仅仅一瞥,何慧尔便要狠狠跌落在地面上,她做好了心理准备,甚至试图扯出一个笑容来,没曾想落在了一个温暖的怀抱裏。
怀抱一接住她便往后疾冲几步,化解了她从天而降的冲击力,一点不适都未曾让何慧尔感受到,她却没觉得有多庆幸,头也没回,只幽幽喊了声:“久术。”
久术放下她,一眼便看见了她脖子上的勒痕,又註意到她胳膊上异常的伤痕,明显是能力者所为,黑亮眼中霎时杀气大作:“谁?!”
“没事,”何慧尔只是摇摇头,而后挺直了腰板,再次朝柳舒晴帐篷处走去。
她的气势不同以往,久术还从未见过何慧尔这副样子,似是战斗力爆表,又似是忍气吞声,似是一往无前,又似是胆怯害怕……久术下意识的什么也不问了,只大步跟在她身后,直觉这才是最好的做法,只是总是一副佛挡杀佛魔挡杀魔的模样。
周围早就聚集了许多人在窃窃私语,註视着缓步过去的何慧尔面露异色,她浑不在意,走到破烂的帐篷前,在将将要撞到闫恒博的时候才停下,低头看着仍跌倒在地的柳舒晴问道:“你抱着我男朋友腿干嘛呢?”
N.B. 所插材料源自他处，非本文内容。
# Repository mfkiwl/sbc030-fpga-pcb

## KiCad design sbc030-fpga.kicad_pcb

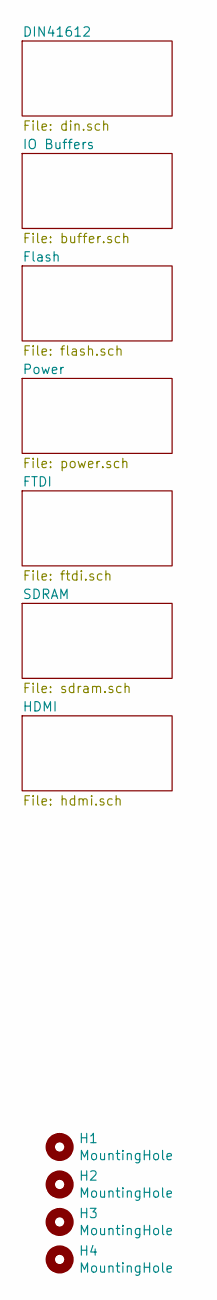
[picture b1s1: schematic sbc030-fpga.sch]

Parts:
H1, H2, H3, H4: MountingHole; MountingHole_3.2mm_M3

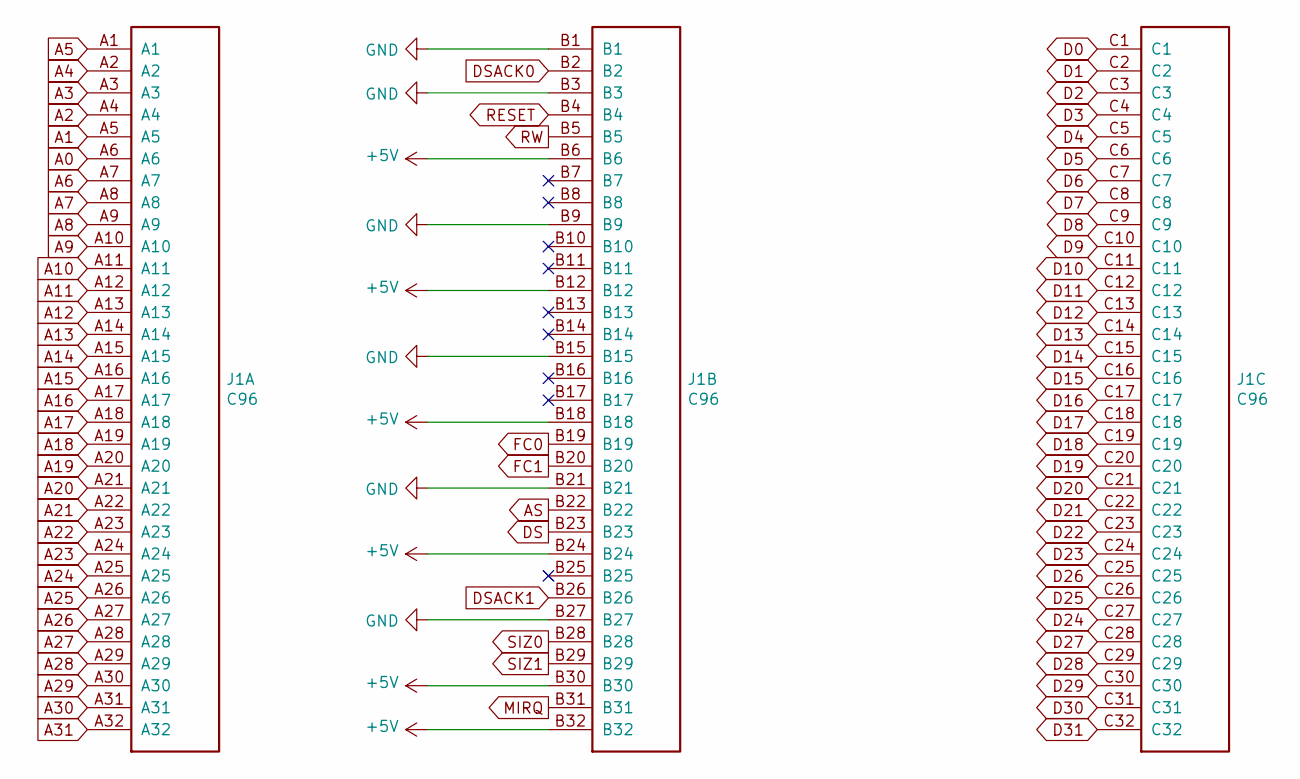
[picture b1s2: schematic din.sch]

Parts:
J1: C96; C96ABCM

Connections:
+5V: J1.B6, J1.B12, J1.B18, J1.B24, J1.B30, J1.B32; also elsewhere on the board
A0: J1.A6; also elsewhere on the board
A1: J1.A5; also elsewhere on the board
A2: J1.A4; also elsewhere on the board
A3: J1.A3; also elsewhere on the board
A4: J1.A2; also elsewhere on the board
A5: J1.A1; also elsewhere on the board
A6: J1.A7; also elsewhere on the board
A7: J1.A8; also elsewhere on the board
A8: J1.A9; also elsewhere on the board
A9: J1.A10; also elsewhere on the board
A10: J1.A11; also elsewhere on the board
A11: J1.A12; also elsewhere on the board
A12: J1.A13; also elsewhere on the board
A13: J1.A14; also elsewhere on the board
A14: J1.A15; also elsewhere on the board
A15: J1.A16; also elsewhere on the board
A16: J1.A17; also elsewhere on the board
A17: J1.A18; also elsewhere on the board
A18: J1.A19; also elsewhere on the board
A19: J1.A20; also elsewhere on the board
A20: J1.A21; also elsewhere on the board
A21: J1.A22; also elsewhere on the board
A22: J1.A23; also elsewhere on the board
A23: J1.A24; also elsewhere on the board
A24: J1.A25; also elsewhere on the board
A25: J1.A26; also elsewhere on the board
A26: J1.A27; also elsewhere on the board
A27: J1.A28; also elsewhere on the board
A28: J1.A29; also elsewhere on the board
A29: J1.A30; also elsewhere on the board
A30: J1.A31; also elsewhere on the board
A31: J1.A32; also elsewhere on the board
AS: J1.B22; also elsewhere on the board
D0: J1.C1; also elsewhere on the board
D1: J1.C2; also elsewhere on the board
D2: J1.C3; also elsewhere on the board
D3: J1.C4; also elsewhere on the board
D4: J1.C5; also elsewhere on the board
D5: J1.C6; also elsewhere on the board
D6: J1.C7; also elsewhere on the board
D7: J1.C8; also elsewhere on the board
D8: J1.C9; also elsewhere on the board
D9: J1.C10; also elsewhere on the board
D10: J1.C11; also elsewhere on the board
D11: J1.C12; also elsewhere on the board
D12: J1.C13; also elsewhere on the board
D13: J1.C14; also elsewhere on the board
D14: J1.C15; also elsewhere on the board
D15: J1.C16; also elsewhere on the board
D16: J1.C17; also elsewhere on the board
D17: J1.C18; also elsewhere on the board
D18: J1.C19; also elsewhere on the board
D19: J1.C20; also elsewhere on the board
D20: J1.C21; also elsewhere on the board
D21: J1.C22; also elsewhere on the board
D22: J1.C23; also elsewhere on the board
D23: J1.C24; also elsewhere on the board
D24: J1.C27; also elsewhere on the board
D25: J1.C26; also elsewhere on the board
D26: J1.C25; also elsewhere on the board
D27: J1.C28; also elsewhere on the board
D28: J1.C29; also elsewhere on the board
D29: J1.C30; also elsewhere on the board
D30: J1.C31; also elsewhere on the board
D31: J1.C32; also elsewhere on the board
DS: J1.B23; also elsewhere on the board
DSACK0: J1.B2; also elsewhere on the board
DSACK1: J1.B26; also elsewhere on the board
FC0: J1.B19; also elsewhere on the board
FC1: J1.B20; also elsewhere on the board
GND: J1.B1, J1.B3, J1.B9, J1.B15, J1.B21, J1.B27; also elsewhere on the board
MIRQ: J1.B31; also elsewhere on the board
RESET: J1.B4; also elsewhere on the board
RW: J1.B5; also elsewhere on the board
SIZ0: J1.B28; also elsewhere on the board
SIZ1: J1.B29; also elsewhere on the board

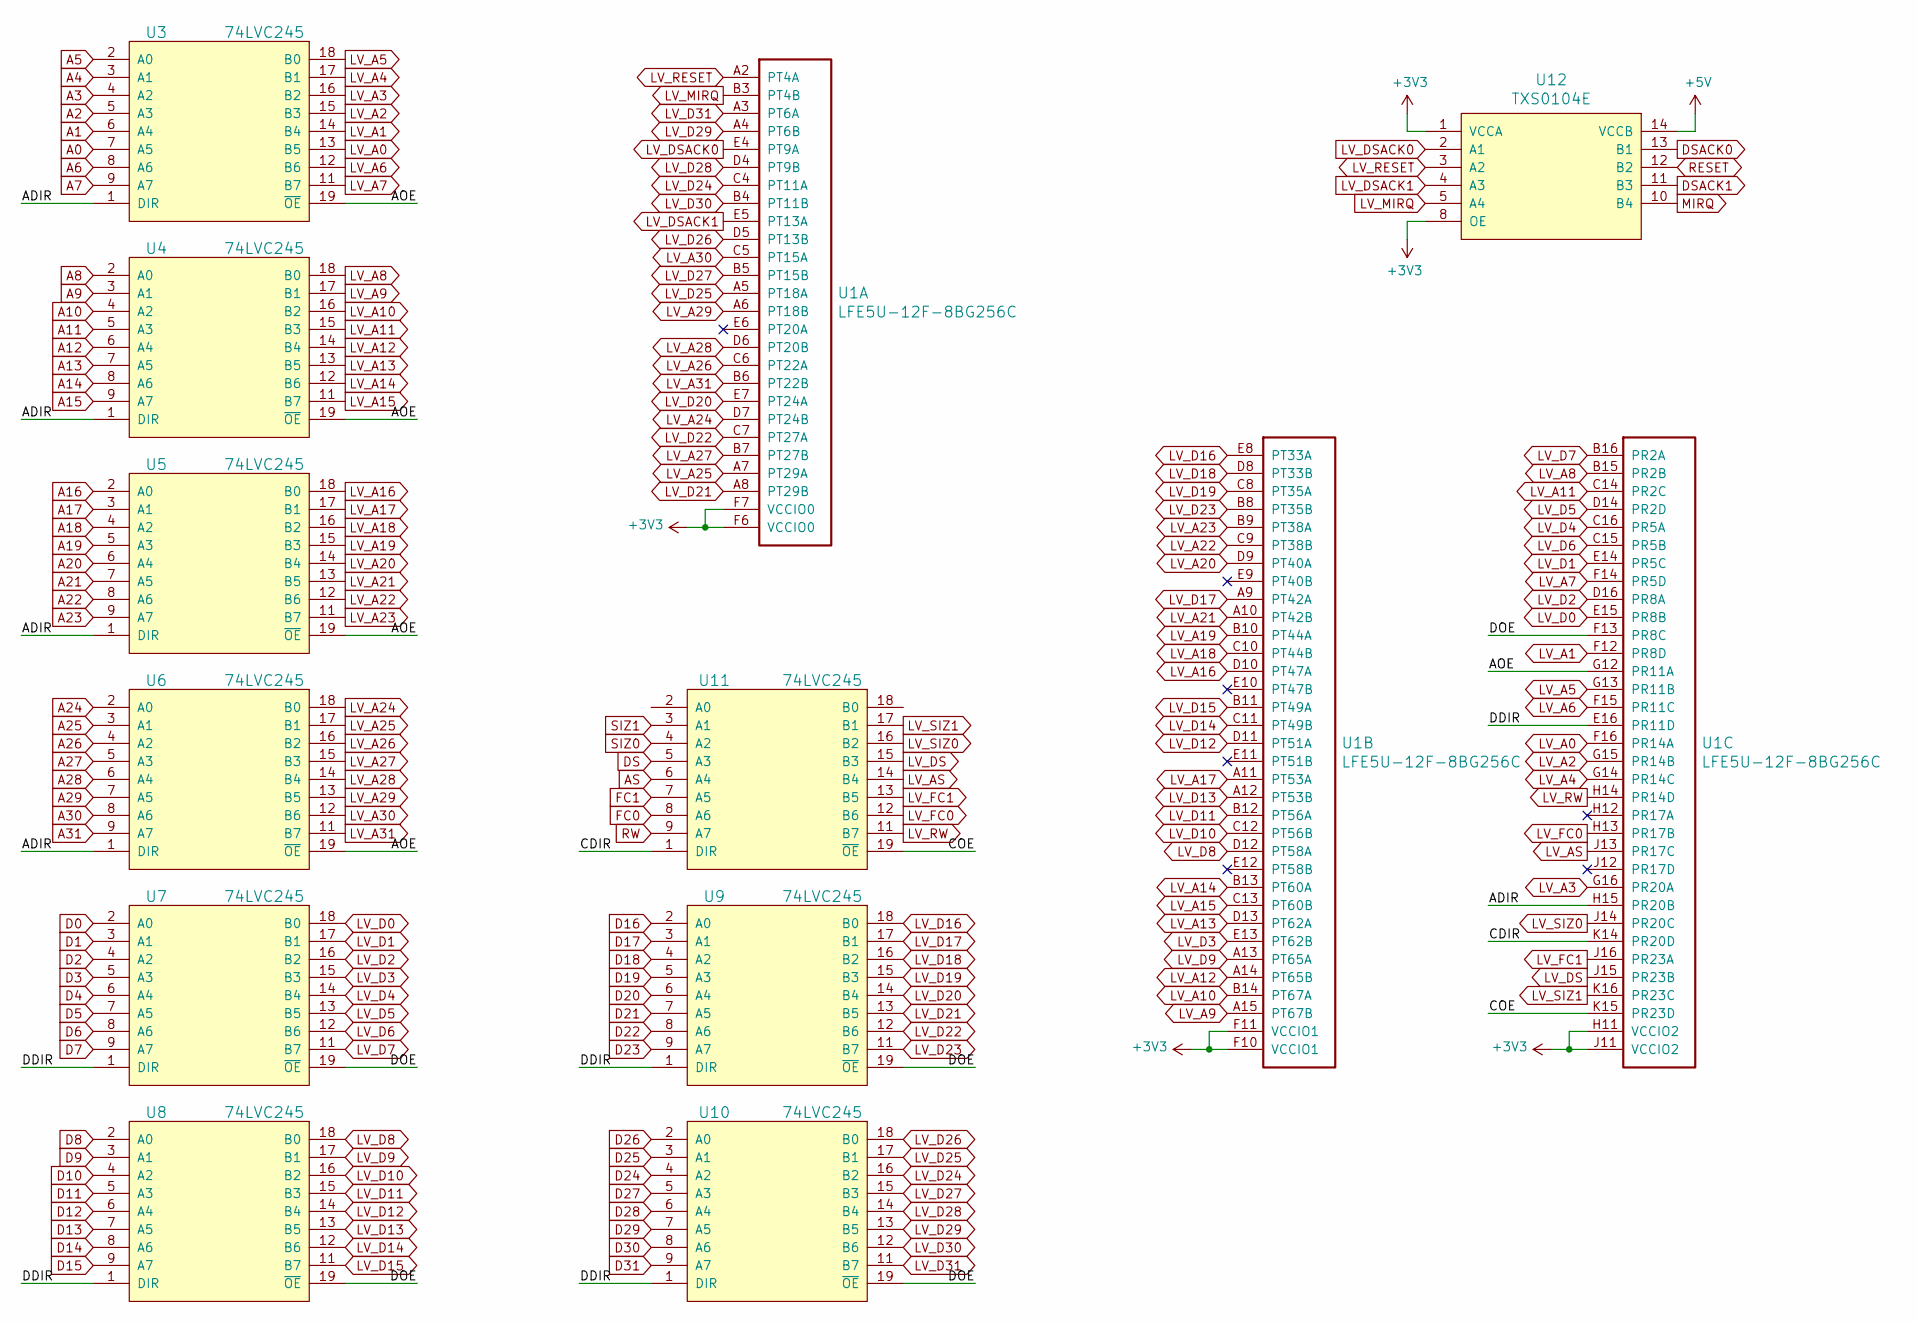
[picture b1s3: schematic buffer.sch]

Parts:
U1: LFE5U-12F-8BG256C; BGA-256_14.0x14.0mm_Layout16x16_P0.8mm_Ball0.45mm_Pad0.32mm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
U3, U4, U5, U6, U7, U8, U9, U10, U11: 74LVC245; TSSOP-20_4.4x6.5mm_P0.65mm
U12: TXS0104E; TSSOP-14_4.4x5mm_P0.65mm

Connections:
+3V3: U1.F6 (VCCIO0), U1.F7 (VCCIO0), U1.F10 (VCCIO1), U1.F11 (VCCIO1), U1.H11 (VCCIO2), U1.J11 (VCCIO2), U3.20 (VCC), U4.20 (VCC), U5.20 (VCC), U6.20 (VCC), U7.20 (VCC), U8.20 (VCC), U9.20 (VCC), U10.20 (VCC), U11.20 (VCC), U12.1 (VCCA), U12.8 (OE); also elsewhere on the board
+5V: U12.14 (VCCB); also elsewhere on the board
/IO Buffers/ADIR: U1.H15 (PR20B), U3.1 (DIR), U4.1 (DIR), U5.1 (DIR), U6.1 (DIR)
/IO Buffers/AOE: U1.G12 (PR11A), U3.19 (~OE), U4.19 (~OE), U5.19 (~OE), U6.19 (~OE)
/IO Buffers/CDIR: U1.K14 (PR20D), U11.1 (DIR)
/IO Buffers/COE: U1.K15 (PR23D), U11.19 (~OE)
/IO Buffers/DDIR: U1.E16 (PR11D), U7.1 (DIR), U8.1 (DIR), U9.1 (DIR), U10.1 (DIR)
/IO Buffers/DOE: U1.F13 (PR8C), U7.19 (~OE), U8.19 (~OE), U9.19 (~OE), U10.19 (~OE)
A0: U3.7 (A5); also elsewhere on the board
A1: U3.6 (A4); also elsewhere on the board
A2: U3.5 (A3); also elsewhere on the board
A3: U3.4 (A2); also elsewhere on the board
A4: U3.3 (A1); also elsewhere on the board
A5: U3.2 (A0); also elsewhere on the board
A6: U3.8 (A6); also elsewhere on the board
A7: U3.9 (A7); also elsewhere on the board
A8: U4.2 (A0); also elsewhere on the board
A9: U4.3 (A1); also elsewhere on the board
A10: U4.4 (A2); also elsewhere on the board
A11: U4.5 (A3); also elsewhere on the board
A12: U4.6 (A4); also elsewhere on the board
A13: U4.7 (A5); also elsewhere on the board
A14: U4.8 (A6); also elsewhere on the board
A15: U4.9 (A7); also elsewhere on the board
A16: U5.2 (A0); also elsewhere on the board
A17: U5.3 (A1); also elsewhere on the board
A18: U5.4 (A2); also elsewhere on the board
A19: U5.5 (A3); also elsewhere on the board
A20: U5.6 (A4); also elsewhere on the board
A21: U5.7 (A5); also elsewhere on the board
A22: U5.8 (A6); also elsewhere on the board
A23: U5.9 (A7); also elsewhere on the board
A24: U6.2 (A0); also elsewhere on the board
A25: U6.3 (A1); also elsewhere on the board
A26: U6.4 (A2); also elsewhere on the board
A27: U6.5 (A3); also elsewhere on the board
A28: U6.6 (A4); also elsewhere on the board
A29: U6.7 (A5); also elsewhere on the board
A30: U6.8 (A6); also elsewhere on the board
A31: U6.9 (A7); also elsewhere on the board
AS: U11.6 (A4); also elsewhere on the board
D0: U7.2 (A0); also elsewhere on the board
D1: U7.3 (A1); also elsewhere on the board
D2: U7.4 (A2); also elsewhere on the board
D3: U7.5 (A3); also elsewhere on the board
D4: U7.6 (A4); also elsewhere on the board
D5: U7.7 (A5); also elsewhere on the board
D6: U7.8 (A6); also elsewhere on the board
D7: U7.9 (A7); also elsewhere on the board
D8: U8.2 (A0); also elsewhere on the board
D9: U8.3 (A1); also elsewhere on the board
D10: U8.4 (A2); also elsewhere on the board
D11: U8.5 (A3); also elsewhere on the board
D12: U8.6 (A4); also elsewhere on the board
D13: U8.7 (A5); also elsewhere on the board
D14: U8.8 (A6); also elsewhere on the board
D15: U8.9 (A7); also elsewhere on the board
D16: U9.2 (A0); also elsewhere on the board
D17: U9.3 (A1); also elsewhere on the board
D18: U9.4 (A2); also elsewhere on the board
D19: U9.5 (A3); also elsewhere on the board
D20: U9.6 (A4); also elsewhere on the board
D21: U9.7 (A5); also elsewhere on the board
D22: U9.8 (A6); also elsewhere on the board
D23: U9.9 (A7); also elsewhere on the board
D24: U10.4 (A2); also elsewhere on the board
D25: U10.3 (A1); also elsewhere on the board
D26: U10.2 (A0); also elsewhere on the board
D27: U10.5 (A3); also elsewhere on the board
D28: U10.6 (A4); also elsewhere on the board
D29: U10.7 (A5); also elsewhere on the board
D30: U10.8 (A6); also elsewhere on the board
D31: U10.9 (A7); also elsewhere on the board
DS: U11.5 (A3); also elsewhere on the board
DSACK0: U12.13 (B1); also elsewhere on the board
DSACK1: U12.11 (B3); also elsewhere on the board
FC0: U11.8 (A6); also elsewhere on the board
FC1: U11.7 (A5); also elsewhere on the board
GND: U3.10 (GND), U4.10 (GND), U5.10 (GND), U6.10 (GND), U7.10 (GND), U8.10 (GND), U9.10 (GND), U10.10 (GND), U11.10 (GND), U12.7 (GND); also elsewhere on the board
LV_A0: U1.F16 (PR14A), U3.13 (B5)
LV_A1: U1.F12 (PR8D), U3.14 (B4)
LV_A2: U1.G15 (PR14B), U3.15 (B3)
LV_A3: U1.G16 (PR20A), U3.16 (B2)
LV_A4: U1.G14 (PR14C), U3.17 (B1)
LV_A5: U1.G13 (PR11B), U3.18 (B0)
LV_A6: U1.F15 (PR11C), U3.12 (B6)
LV_A7: U1.F14 (PR5D), U3.11 (B7)
LV_A8: U1.B15 (PR2B), U4.18 (B0)
LV_A9: U1.A15 (PT67B), U4.17 (B1)
LV_A10: U1.B14 (PT67A), U4.16 (B2)
LV_A11: U1.C14 (PR2C), U4.15 (B3)
LV_A12: U1.A14 (PT65B), U4.14 (B4)
LV_A13: U1.D13 (PT62A), U4.13 (B5)
LV_A14: U1.B13 (PT60A), U4.12 (B6)
LV_A15: U1.C13 (PT60B), U4.11 (B7)
LV_A16: U1.D10 (PT47A), U5.18 (B0)
LV_A17: U1.A11 (PT53A), U5.17 (B1)
LV_A18: U1.C10 (PT44B), U5.16 (B2)
LV_A19: U1.B10 (PT44A), U5.15 (B3)
LV_A20: U1.D9 (PT40A), U5.14 (B4)
LV_A21: U1.A10 (PT42B), U5.13 (B5)
LV_A22: U1.C9 (PT38B), U5.12 (B6)
LV_A23: U1.B9 (PT38A), U5.11 (B7)
LV_A24: U1.D7 (PT24B), U6.18 (B0)
LV_A25: U1.A7 (PT29A), U6.17 (B1)
LV_A26: U1.C6 (PT22A), U6.16 (B2)
LV_A27: U1.B7 (PT27B), U6.15 (B3)
LV_A28: U1.D6 (PT20B), U6.14 (B4)
LV_A29: U1.A6 (PT18B), U6.13 (B5)
LV_A30: U1.C5 (PT15A), U6.12 (B6)
LV_A31: U1.B6 (PT22B), U6.11 (B7)
LV_AS: U1.J13 (PR17C), U11.14 (B4)
LV_D0: U1.E15 (PR8B), U7.18 (B0)
LV_D1: U1.E14 (PR5C), U7.17 (B1)
LV_D2: U1.D16 (PR8A), U7.16 (B2)
LV_D3: U1.E13 (PT62B), U7.15 (B3)
LV_D4: U1.C16 (PR5A), U7.14 (B4)
LV_D5: U1.D14 (PR2D), U7.13 (B5)
LV_D6: U1.C15 (PR5B), U7.12 (B6)
LV_D7: U1.B16 (PR2A), U7.11 (B7)
LV_D8: U1.D12 (PT58A), U8.18 (B0)
LV_D9: U1.A13 (PT65A), U8.17 (B1)
LV_D10: U1.C12 (PT56B), U8.16 (B2)
LV_D11: U1.B12 (PT56A), U8.15 (B3)
LV_D12: U1.D11 (PT51A), U8.14 (B4)
LV_D13: U1.A12 (PT53B), U8.13 (B5)
LV_D14: U1.C11 (PT49B), U8.12 (B6)
LV_D15: U1.B11 (PT49A), U8.11 (B7)
LV_D16: U1.E8 (PT33A), U9.18 (B0)
LV_D17: U1.A9 (PT42A), U9.17 (B1)
LV_D18: U1.D8 (PT33B), U9.16 (B2)
LV_D19: U1.C8 (PT35A), U9.15 (B3)
LV_D20: U1.E7 (PT24A), U9.14 (B4)
LV_D21: U1.A8 (PT29B), U9.13 (B5)
LV_D22: U1.C7 (PT27A), U9.12 (B6)
LV_D23: U1.B8 (PT35B), U9.11 (B7)
LV_D24: U1.C4 (PT11A), U10.16 (B2)
LV_D25: U1.A5 (PT18A), U10.17 (B1)
LV_D26: U1.D5 (PT13B), U10.18 (B0)
LV_D27: U1.B5 (PT15B), U10.15 (B3)
LV_D28: U1.D4 (PT9B), U10.14 (B4)
LV_D29: U1.A4 (PT6B), U10.13 (B5)
LV_D30: U1.B4 (PT11B), U10.12 (B6)
LV_D31: U1.A3 (PT6A), U10.11 (B7)
LV_DS: U1.J15 (PR23B), U11.15 (B3)
LV_DSACK0: U1.E4 (PT9A), U12.2 (A1)
LV_DSACK1: U1.E5 (PT13A), U12.4 (A3)
LV_FC0: U1.H13 (PR17B), U11.12 (B6)
LV_FC1: U1.J16 (PR23A), U11.13 (B5)
LV_MIRQ: U1.B3 (PT4B), U12.5 (A4)
LV_RESET: U1.A2 (PT4A), U12.3 (A2)
LV_RW: U1.H14 (PR14D), U11.11 (B7)
LV_SIZ0: U1.J14 (PR20C), U11.16 (B2)
LV_SIZ1: U1.K16 (PR23C), U11.17 (B1)
MIRQ: U12.10 (B4); also elsewhere on the board
RESET: U12.12 (B2); also elsewhere on the board
RW: U11.9 (A7); also elsewhere on the board
SIZ0: U11.4 (A2); also elsewhere on the board
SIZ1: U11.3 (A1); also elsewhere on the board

“何慧尔,”柳舒晴像被烫着似的立马松开了双臂,久术的药丸疗效非常显着,虽然脸色依旧有些苍白,但她的精神已经好了许多,好像还有着另外的作用,她的皮肤比之前更好了,粉嫩白皙,配合着水汪汪的黑眸,简直是人间尤物,处处绝代风华。
她神色中有自责,有诚挚,有惭愧,对着何慧尔急速说道:“对不起,对不起,我妈妈不是故意的!你不要怪她,对不起!”
就算声音也是一种享受,宛如一曲乐章,柳舒晴一连串的对何慧尔道歉,虚弱的站起身来,对着她深深的鞠下躬去,呼吸慢慢急促起来。
“舒晴!”齐欣大惊,一把将柳舒晴揽住,斥道:“你才刚刚好,这是干嘛呢!”
安抚着情绪又要激动柳舒晴,齐欣的秀眉倒竖,转头对着何慧尔寒声道:“还不快滚!”